Так скажи, парень — разве стоит все это того, что ты, когда-то не раздумывая, бросил на чашу весов, в своем неуемном старании вырасти как можно быстрее, чтобы стать, наконец, взрослым, и постичь все радости взрослых, которые на поверку оказались обманом. Пустышка, которую подсунули тебе — теперь она горчит, отдает во рту неприятным вкусом. Дни вечной весны. Они совсем близко. Близко, как никогда. Нужно только дойти до самого конца пыльного чердака. Добраться до маленького окошка, что притаилось с другой стороны. И когда ты откроешь его, и выглянешь в него, ветер донесет до тебя тихие звуки детства, и дыхнет прямо в лицо, принеся весну и запах сарсапарели.
Дни вечной весны — ты променял их на жалкое прозябание осени. Осень — она подобна смерти, и ты скоро вступишь в нее, чтобы подготовиться к пустым объятиям холодной зимы, вернее даже не так — она сама найдет тебя, заберет к себе, окружит золотым листопадом, маня мертвой красотой, обещая многое, но ничего так и не дав взамен. И когда опадут листья, ты поймешь, что голые ветки похожи на кости, с которых чья-то злая воля сорвала плоть. Но когда, до тебя дойдет, что ты крепко влип, будет поздно. Золотая (хотя какая она золотая — это просто дешевая позолота, чтобы сбивать с толку таких простаков, как ты) осень покажет свое истинное лицо. И когда дни станут короче, а ночи длиннее и холоднее, и первый снег закружится в воздухе — неужели тебе не захочется назад, туда, где весна встречает тебя ласковым ветерком, а лето готово согреть в жарких объятиях, нашептывая о том, как хорошо проснутся рано поутру и сладко потянутся в постели, зная, что тебе только восемь, и вся жизнь еще впереди, и можно не спеша пройтись по комнатам спящего дома, открывая ставни, впуская в окна сонное солнце, накинуть майку и шорты, умыться ледяной водой, выбежать на улицу, где друзья уже давно поджидают тебя, чтобы сорваться с места шумной, голосящей стайкой, вперед, туда, где много чего интересного и неизведанного.
Так скажи, парень, разве мертвые морщины осени дороже чудной весны? Разве снежная вьюга, что пытается забрать тебя в костлявые объятия лучше теплого летнего утра?
Нет, парень, и мы знаем это наверняка. Тебя просто надули. Обвели вокруг пальца. Сделали из тебя дурака.

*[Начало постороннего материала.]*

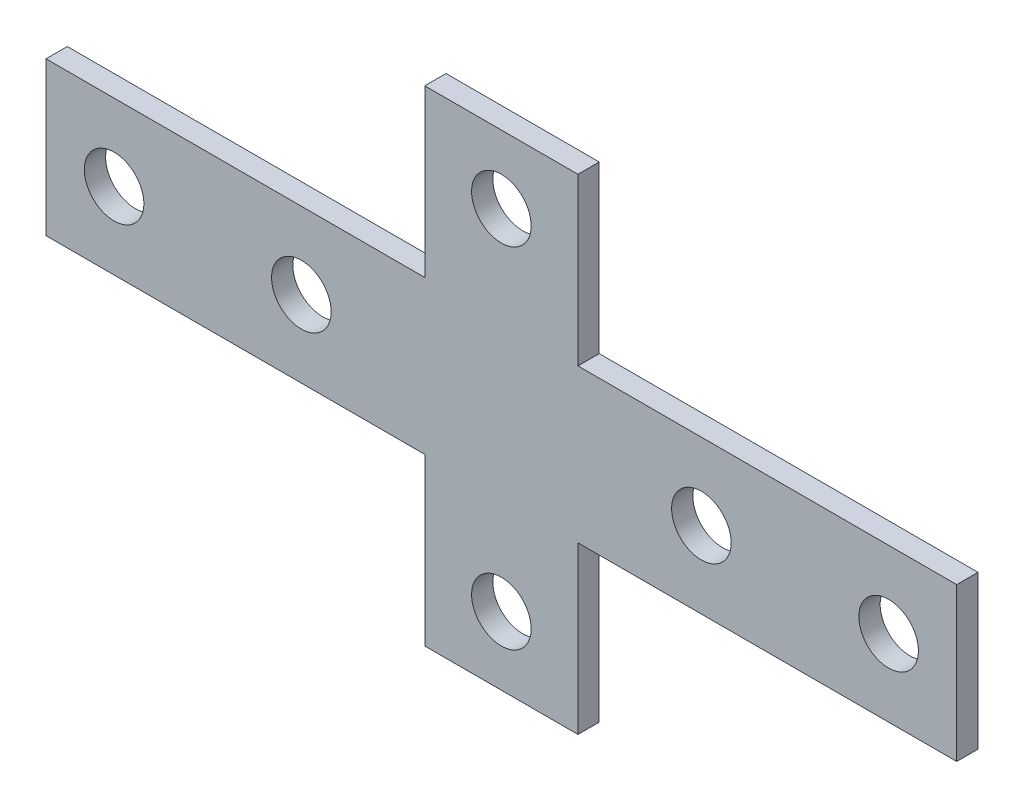
SolidWorks part; units mm, degrees
ref_plane "Спереди" through (0, 0, 0) normal (0, 0, 1) x (1, 0, 0)
ref_plane "Сверху" through (0, 0, 0) normal (0, 1, 0) x (1, 0, 0)
ref_plane "Справа" through (0, 0, 0) normal (1, 0, 0) x (0, 0, -1)
sketch "Эскиз1" plane through (0, 0, 0) normal (0, 0, 1) x (1, 0, 0)
  line L0 (9, -9) -> (53.5, -9)
  line L1 (-53.5, 9) -> (-9, 9)
  line L2 (-53.5, 9) -> (-53.5, -9)
  line L3 (-53.5, -9) -> (-9, -9)
  line L4 (53.5, 9) -> (53.5, -9)
  line L5 (-53.5, 9) -> (53.5, -9) construction
  line L6 (-53.5, -9) -> (53.5, 9) construction
  line L7 (-9, -28.5) -> (9, -28.5)
  line L8 (-9, -28.5) -> (-9, -9)
  line L9 (-9, 28.5) -> (9, 28.5)
  line L10 (9, -28.5) -> (9, -9)
  line L11 (-9, -28.5) -> (9, 28.5) construction
  line L12 (-9, 28.5) -> (9, -28.5) construction
  line L13 (9, 9) -> (53.5, 9)
  line L14 (-9, 9) -> (-9, 28.5)
  line L15 (9, 9) -> (9, 28.5)
  line L16 (0, 20.5) -> (0, -20.5) construction
  line L17 (0, 20.5) -> (0, 28.5) construction
  line L18 (-45.5, 0) -> (-53.5, 0) construction
  circle A0 centre (0, 20.5) radius 3.5
  circle A1 centre (0, -20.5) radius 3.5
  circle A2 centre (-45.5, 0) radius 3.5
  circle A3 centre (-23.5, 0) radius 3.5
  circle A4 centre (23.5, 0) radius 3.5
  circle A5 centre (45.5, 0) radius 3.5
  point P0 (0, 0)
  point P6 (0, 0)
  dimension "D4" = 8
  dimension "D5" = 7
  dimension "D6" = 22
  dimension "D1" = 107
  dimension "D2" = 57
  dimension "D3" = 18
extrude "Бобышка-Вытянуть1" add sketch "Эскиз1" along normal blind 2.5

И если, умываясь золоченой, осенней пылью, стоя в кромешной тьме (на самом деле солнце пронзает ее огненными стрелами, изо всех щелей, но тебе все равно — твои глаза закрыты) на старом чердаке, по колено в пыли, втягивая ноздрями, ароматы детства, что нахлынули ниоткуда, ты возразишь, что все это полное дерьмо, то я скажу тебе, малыш — ты пытаешься обмануть самого себя. Если же ты и дальше будешь стоять на своем — ты и вправду дурак!